La Rosa Narcea: de descubrimiento botánico a recurso industrial

La llamada Rosa Narcea, descrita por el equipo de Martínez, ha abierto una vía inesperada: se trata de una rosa con cualidades aptas para la industria del perfume, una rareza a escala nacional y mundial. Martínez definió este hallazgo como una aportación relevante tanto científicamente como para el territorio.

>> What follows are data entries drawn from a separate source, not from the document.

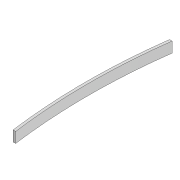
# Autodesk Inventor part: Support_strip
Saved by Autodesk Inventor 2022 (Build 260153000, 153)
## iProperties
Created: 2022-07-27
Part Number: Support_strip
Material: Generic
Document SubType Name: Modeling
Designer: dell
Density: 1 g/cm^3
Appearance: Default
Author: dell
Autodesk Inventor part; units mm, degrees
ref_plane "YZ Plane" through (0, 0, 0) normal (1, 0, 0) x (0, 1, 0)
ref_plane "XZ Plane" through (0, 0, 0) normal (0, 1, 0) x (-1, 0, 0)
ref_plane "XY Plane" through (0, 0, 0) normal (0, 0, 1) x (1, 0, 0)
sketch "Sketch1" plane through (0, 0, 0) normal (0, 1, 0) x (-1, 0, 0)
  arc A0 (0, -30) -> (0, 0) centre (-112, -15) ccw
  line L0 (0, 0) -> (0, -30) construction
  line L1 (0, -30) -> (1, -30) construction
  line L2 (1, -30) -> (1, 0) construction
  line L3 (1, 0) -> (0, 0) construction
  line L4 (0, 0) -> (0.5, 0)
  line L5 (0, -30) -> (0.5, -30)
  arc A1 (0.5, -30) -> (0.5, 0) centre (-111.7511, -15) ccw
  dimension "d0" = 30
  dimension "d1" = 1
  constraints: 12 end point, 4 point on circle, 2 centre point, 2 midpoint, 2 parallel, 2 tangent, 1 perpendicular, 1 vertical
  measures "d0" distance of L0.start L0.end
  measures "d1" distance of L1.end L0.end
extrude "Extrusion1" add sketch "Sketch1" along normal blind 2
body "Solid1"
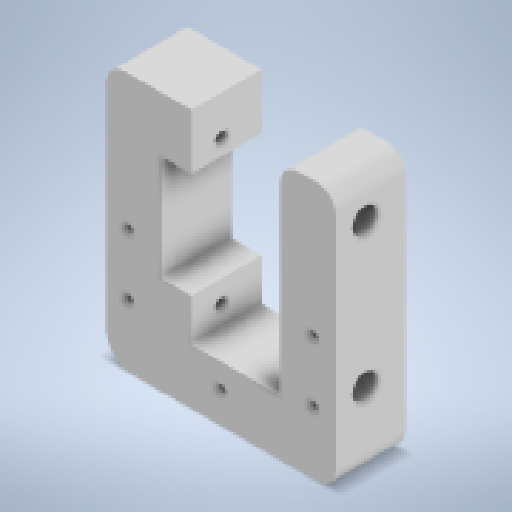
# Autodesk Inventor part: Крепление стрелялки
Saved by Autodesk Inventor 2023.2 (Build 272271030, 271C)
## iProperties
Created: 2024-02-13
Part Number: Крепление стрелялки
Material: Типовые
Document SubType Name: Modeling
Designer: I9232
Density: 1 g/cm^3
Appearance: По умолчанию
Author: I9232
Autodesk Inventor part; units mm, degrees
ref_plane "YZ Plane" through (0, 0, 0) normal (1, 0, 0) x (0, 1, 0)
ref_plane "XZ Plane" through (0, 0, 0) normal (0, 1, 0) x (-1, 0, 0)
ref_plane "XY Plane" through (0, 0, 0) normal (0, 0, 1) x (1, 0, 0)
sketch "Эскиз1" plane through (0, 0, 0) normal (0, 0, 1) x (1, 0, 0)
  line L0 (0, 0) -> (27, 0)
  line L1 (27, 0) -> (27, 22.4859)
  line L2 (12, 15) -> (0, 15)
  line L3 (0, 15) -> (0, 0)
  line L4 (27, 0) -> (21.9283, 0)
  line L5 (12, 15) -> (12, 70)
  line L6 (12, 70) -> (27, 70)
  line L7 (27, 70) -> (27, 0)
  line L8 (0, 0) -> (-35, 0)
  line L9 (-12, 15) -> (0, 15)
  line L10 (-20, 26.4) -> (-20, 55)
  line L11 (-20, 70) -> (-35, 70)
  line L12 (-35, 70) -> (-35, 0)
  line L13 (-12, 15) -> (-12, 26.4)
  line L14 (-12, 26.4) -> (-20, 26.4)
  line L15 (-20, 70) -> (-12, 70)
  line L16 (-12, 70) -> (-12, 55)
  line L17 (-12, 55) -> (-20, 55)
  line L18 (12, 60) -> (12, 70)
  dimension "d37" = 11.4
  dimension "d38" = 8
  dimension "d40" = 15
  dimension "d41" = 70
  dimension "d45" = 12
  constraints: 38 end point, 6 parallel, 5 perpendicular, 3 horizontal
  measures "d37" distance of L9.start L13.end
  measures "d38" distance of L13.end L10.start
  measures "d40" distance of L5.end L6.end
  measures "d41" distance of L11.end L12.end
  measures "d45" distance of L2.start L2.end
extrude "Выдавливание1" add sketch "Эскиз1" along normal blind 14 and the other way blind 5
sketch "Эскиз3" plane through (0, 0, -5) normal (0, 0, -1) x (-1, 0, 0)
  circle A0 centre (28.98, 17) radius 1.25
  circle A1 centre (3.98, 8.5) radius 1.25
  circle A2 centre (-21.02, 17) radius 1.25
  line L0 (-27, 0) -> (35, 0) projected
  circle A3 centre (29, 33.5) radius 1.25
  circle A4 centre (-21, 33.5) radius 1.25
  point P0 (0, 0)
  point P1 (4, 0)
  dimension "d10" = 2.5
  dimension "d12" = 8.5
  dimension "d14" = 50
  dimension "d27" = 17
  dimension "d28" = 25
  dimension "d29" = 17
  dimension "d30" = 25
  constraints: 5 centre point, 4 equal radius, 1 midpoint
  measures "d10" diameter of A0
  measures "d12" distance of point (4, 0) A1.centre
  measures "d14" distance of A4.centre A3.centre
  measures "d27" distance from line of L0 A0.centre
  measures "d28" horizontal distance of A0.centre A1.centre
  measures "d29" distance from line of L0 A2.centre
  measures "d30" horizontal distance of A2.centre A1.centre
extrude "Выдавливание3" cut sketch "Эскиз3" against normal up to surface (19 mm away)
fillet "Сопряжение1" radius 5 4 edges at (27, 0, 4.5) (-35, 70, 4.5) (12, 70, 4.5) (27, 70, 4.5)
sketch "Эскиз5" plane through (-35, 5, -5) normal (-1, 0, 0) x (0, 0, 1)
  circle A0 centre (11, 15.5) radius 1.5 projected
  circle A1 centre (11, 54.5) radius 1.5 projected
  point P0 (5, -5)
extrude "Выдавливание5" cut sketch "Эскиз5" against normal up to surface (23 mm away)
sketch "Эскиз6" plane through (27, 5, 14) normal (1, 0, 0) x (0, 0, -1)
  circle A0 centre (8, 15.5) radius 1.5 projected
  circle A1 centre (8, 54.5) radius 1.5 projected
  point P0 (14, -5)
extrude "Выдавливание6" cut sketch "Эскиз6" against normal up to surface (15 mm away)
sketch "Эскиз7" plane through (27, 5, 14) normal (1, 0, 0) x (0, 0, -1)
  circle A0 centre (8, 15.5) radius 3.5
  circle A1 centre (8, 54.5) radius 3.5
  circle A2 centre (8, 15.5) radius 1.5 construction
  circle A3 centre (8, 54.5) radius 1.5 construction
  point P0 (14, -5)
  dimension "d47" = 7
  constraints: 2 centre point, 2 coincident, 1 equal radius
  measures "d47" diameter of A0
extrude "Выдавливание7" cut sketch "Эскиз7" against normal blind 4
sketch "Эскиз8" plane through (-35, 5, -5) normal (-1, 0, 0) x (0, 0, 1)
  circle A0 centre (11, 15.5) radius 1.5 construction
  circle A1 centre (11, 54.5) radius 1.5 construction
  line L0 (0, 10) -> (19, 10) projected
  circle A2 centre (11, 15.5) radius 3.5
  circle A3 centre (11, 54.5) radius 3.5
  point P0 (5, -5)
  constraints: 2 centre point, 2 coincident
extrude "Выдавливание8" cut sketch "Эскиз8" against normal blind 4
fillet "Сопряжение2" radius 7 1 edges at (-35, 0, 4.5)
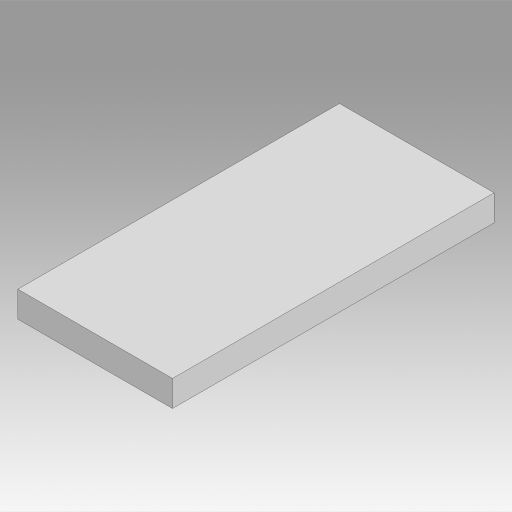
# Autodesk Inventor part: lid
Saved by Autodesk Inventor 2023 (Build 270158000, 158)
## iProperties
Created: 2025-08-22
Part Number: lid
Material: Generic
Document SubType Name: Modeling
Designer: NELLY NDUNG'U
Density: 1 g/cm^3
Appearance: Default
Author: NELLY NDUNG'U
Autodesk Inventor part; units mm, degrees
ref_plane "YZ Plane" through (0, 0, 0) normal (1, 0, 0) x (0, 1, 0)
ref_plane "XZ Plane" through (0, 0, 0) normal (0, 1, 0) x (-1, 0, 0)
ref_plane "XY Plane" through (0, 0, 0) normal (0, 0, 1) x (1, 0, 0)
sketch "Sketch1" plane through (0, 0, 0) normal (0, 1, 0) x (-1, 0, 0)
  line L0 (7.5405, 15.6819) -> (-7.5405, 15.6819)
  line L1 (-7.5405, 15.6819) -> (-7.5405, -15.6819)
  line L2 (-7.5405, -15.6819) -> (7.5405, -15.6819)
  line L3 (7.5405, -15.6819) -> (7.5405, 15.6819)
  line L4 (7.5405, 15.6819) -> (-7.5405, -15.6819) construction
  line L5 (-7.5405, 15.6819) -> (7.5405, -15.6819) construction
  point P0 (0, 0)
  constraints: 12 end point, 2 midpoint, 2 parallel, 1 horizontal, 1 perpendicular
extrude "Extrusion1" add sketch "Sketch1" along normal blind 2.54
body "Solid1"
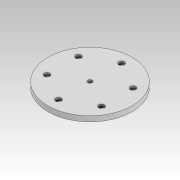
# Autodesk Inventor part: Flywheel
Saved by Autodesk Inventor 2020 (Build 240168000, 168)
## iProperties
Created: 2021-10-30
Part Number: Flywheel
Material: Generic
Document SubType Name: Modeling
Designer: DDeGo
Density: 1 g/cm^3
Appearance: Default
Author: DDeGo
Autodesk Inventor part; units mm, degrees
ref_plane "YZ Plane" through (0, 0, 0) normal (1, 0, 0) x (0, 1, 0)
ref_plane "XZ Plane" through (0, 0, 0) normal (0, 1, 0) x (-1, 0, 0)
ref_plane "XY Plane" through (0, 0, 0) normal (0, 0, 1) x (1, 0, 0)
sketch "Sketch1" plane through (0, 0, 0) normal (0, 0, 1) x (1, 0, 0)
  line L0 (0, 7) -> (0, 0) construction
  line L1 (0, 0) -> (1.05, 0) construction
  line L2 (1.05, 0) -> (1.05, 7)
  line L3 (1.05, 7) -> (0, 7) construction
  line L4 (1.05, 7) -> (20, 7)
  line L5 (2.8, 3) -> (2.5, 3)
  line L6 (2.5, 3) -> (2.5, 0)
  line L7 (2.5, 0) -> (1.05, 0)
  line L8 (20, 7) -> (20, 4.5)
  line L9 (20, 4.5) -> (2.8, 4.5)
  line L10 (2.8, 4.5) -> (2.8, 3)
  dimension "d0" = 2.5
  dimension "d1" = 1.05
  dimension "d3" = 0.3
  dimension "d4" = 3
  dimension "d9" = 1.5
  dimension "d10" = 20
  dimension "d11" = 2.5
  constraints: 22 end point, 7 perpendicular, 2 vertical, 1 horizontal
  measures "d0" distance between parallel lines of L0 L6
  measures "d1" distance between parallel lines of L0 L2
  measures "d3" distance of L5.start L5.end
  measures "d4" distance of L5.end L6.end
  measures "d9" distance of L9.end L5.start
  measures "d10" distance between parallel lines of L0 L8
  measures "d11" distance of L4.end L8.end
revolve "Revolution1" add sketch "Sketch1" angle 360 about axis through (0, 7, 0) along (0, -1, 0)
sketch "Sketch2" plane through (0, 7, 0) normal (0, 1, 0) x (1, 0, 0)
  line L0 (0, 0) -> (0, 15) construction
  circle A0 centre (0, 15) radius 1.35
  line L1 (0, 0) -> (-12.9904, 7.5) construction
  circle A1 centre (-12.9904, 7.5) radius 1.35
  line L2 (0, 0) -> (-12.9904, -7.5) construction
  circle A2 centre (-12.9904, -7.5) radius 1.35
  line L3 (0, 0) -> (0, -15) construction
  circle A3 centre (0, -15) radius 1.35
  line L4 (0, 0) -> (12.9904, -7.5) construction
  circle A4 centre (12.9904, -7.5) radius 1.35
  line L5 (0, 0) -> (12.9904, 7.5) construction
  circle A5 centre (12.9904, 7.5) radius 1.35
  dimension "d12" = 15
  dimension "d13" = 2.7
  dimension "d16" = 360
  constraints: 12 end point, 8 coincident, 6 centre point, 1 vertical, 29 other
  measures "d12" distance of L0.start L0.end
  measures "d13" diameter of A0
extrude "Extrusion1" cut sketch "Sketch2" against normal blind 10
sketch "Sketch3" plane through (0, 4.5, 0) normal (0, -1, 0) x (1, 0, 0)
  circle A0 centre (0, -15) radius 1.35 construction
  line L0 (-2.9445, -15) -> (-1.4722, -12.45)
  line L1 (-1.4722, -12.45) -> (1.4722, -12.45)
  line L2 (1.4722, -12.45) -> (2.9445, -15)
  line L3 (2.9445, -15) -> (1.4722, -17.55)
  line L4 (1.4722, -17.55) -> (-1.4722, -17.55)
  line L5 (-1.4722, -17.55) -> (-2.9445, -15)
  line L6 (11.5181, -10.05) -> (10.0459, -7.5)
  line L7 (10.0459, -7.5) -> (11.5181, -4.95)
  line L8 (11.5181, -4.95) -> (14.4626, -4.95)
  line L9 (14.4626, -4.95) -> (15.9349, -7.5)
  line L10 (15.9349, -7.5) -> (14.4626, -10.05)
  line L11 (14.4626, -10.05) -> (11.5181, -10.05)
  line L12 (14.4626, 4.95) -> (11.5181, 4.95)
  line L13 (11.5181, 4.95) -> (10.0459, 7.5)
  line L14 (10.0459, 7.5) -> (11.5181, 10.05)
  line L15 (11.5181, 10.05) -> (14.4626, 10.05)
  line L16 (14.4626, 10.05) -> (15.9349, 7.5)
  line L17 (15.9349, 7.5) -> (14.4626, 4.95)
  line L18 (2.9445, 15) -> (1.4722, 12.45)
  line L19 (1.4722, 12.45) -> (-1.4722, 12.45)
  line L20 (-1.4722, 12.45) -> (-2.9445, 15)
  line L21 (-2.9445, 15) -> (-1.4722, 17.55)
  line L22 (-1.4722, 17.55) -> (1.4722, 17.55)
  line L23 (1.4722, 17.55) -> (2.9445, 15)
  line L24 (-11.5181, 10.05) -> (-10.0459, 7.5)
  line L25 (-10.0459, 7.5) -> (-11.5181, 4.95)
  line L26 (-11.5181, 4.95) -> (-14.4626, 4.95)
  line L27 (-14.4626, 4.95) -> (-15.9349, 7.5)
  line L28 (-15.9349, 7.5) -> (-14.4626, 10.05)
  line L29 (-14.4626, 10.05) -> (-11.5181, 10.05)
  line L30 (-14.4626, -4.95) -> (-11.5181, -4.95)
  line L31 (-11.5181, -4.95) -> (-10.0459, -7.5)
  line L32 (-10.0459, -7.5) -> (-11.5181, -10.05)
  line L33 (-11.5181, -10.05) -> (-14.4626, -10.05)
  line L34 (-14.4626, -10.05) -> (-15.9349, -7.5)
  line L35 (-15.9349, -7.5) -> (-14.4626, -4.95)
  point P0 (0, 0)
  point P1 (12.9904, -7.5)
  point P2 (12.9904, -7.5)
  point P3 (12.9904, 7.5)
  point P4 (12.9904, 7.5)
  point P5 (0, 15)
  point P6 (0, 15)
  point P7 (-12.9904, 7.5)
  point P8 (-12.9904, 7.5)
  point P9 (-12.9904, -7.5)
  point P10 (-12.9904, -7.5)
  dimension "d20" = 5.1
  dimension "d23" = 360
  constraints: 72 end point, 6 coincident, 1 horizontal, 98 other
  measures "d20" distance between parallel lines of L1 L4
extrude "Extrusion2" cut sketch "Sketch3" against normal blind 1.5
chamfer "Chamfer2" distance 0.3 angle 45 1 edges at (-1.05, 0, 0)
body "Solid1"
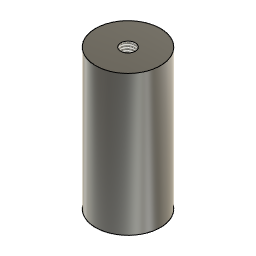
Spool Centre v2 (Autodesk Fusion 360 design; units mm, degrees)
Autodesk Fusion 360 part; units mm, degrees
sketch "Sketch1" plane through (0, 0, 0) normal (0, 0, 1) x (1, 0, 0)
  circle A0 centre (0, 0) radius 15
  dimension "d1" = 30
  constraint coincident A0.centre origin
  measures "d1" diameter of A0
extrude "Extrude1" add sketch "Sketch1" along normal blind 65
hole "Hole1" at (0, 0, 65) direction (0, 0, -1) diameter 6.78 depth 25 tip angle 180
thread "Thread1" "ISO Metric profile 8.0 M8x1.25 6H"
hole "Hole2" at (0, 0, 0) direction (0, 0, 1) diameter 6.78 depth 25 tip angle 180
thread "Thread2" "ISO Metric profile 8.0 M8x1.25 6H"

Para aprovechar ese potencial se ha promovido la creación de una empresa tecnológica que gestionará el cultivo y el procesamiento de la flor en la zona suroccidental de Asturias, orientando la producción hacia aceites esenciales y otros extractos con valor añadido.

Impactos concretos

  • Generación de empleo: cultivo y transformación aportarán fuentes de trabajo en localidades rurales.
  • Valor añadido: producción de aceites esenciales y extractos para cosmética, farmacéutica y alimentación.
  • Conservación: recuperación de variedades locales y protección de la biodiversidad agraria.
  • Circularidad: aprovechamiento de residuos vegetales para nuevos productos, reduciendo despilfarro.
  • Identidad territorial: refuerzo del patrimonio agroalimentario y cultural de la comarca.

Trabajo interdisciplinar: vid, olivo y rosa

Martínez insiste en que, pese a parecer departamentos distintos, los tres cultivos que han marcado su carrera —la vid, el olivo y la rosa— comparten métodos de estudio y prácticas de manejo. Todos son especies leñosas que coexisten en paisajes agrarios similares, lo que facilita su integración y la explotación conjunta de subproductos para generar bioproductos de alto valor.

Su equipo, al que atribuye gran parte de los logros, ha combinado botánica, biotecnología y transferencia tecnológica para transformar hallazgos de laboratorio en iniciativas con impacto local.

Hoy, la condecoración sirve para poner en valor una trayectoria que no solo ha recuperado variedades olvidadas, sino que está trasladando conocimiento a la economía rural. Ese puente entre ciencia y territorio es, en palabras de Martínez, la contribución más tangible de su trabajo.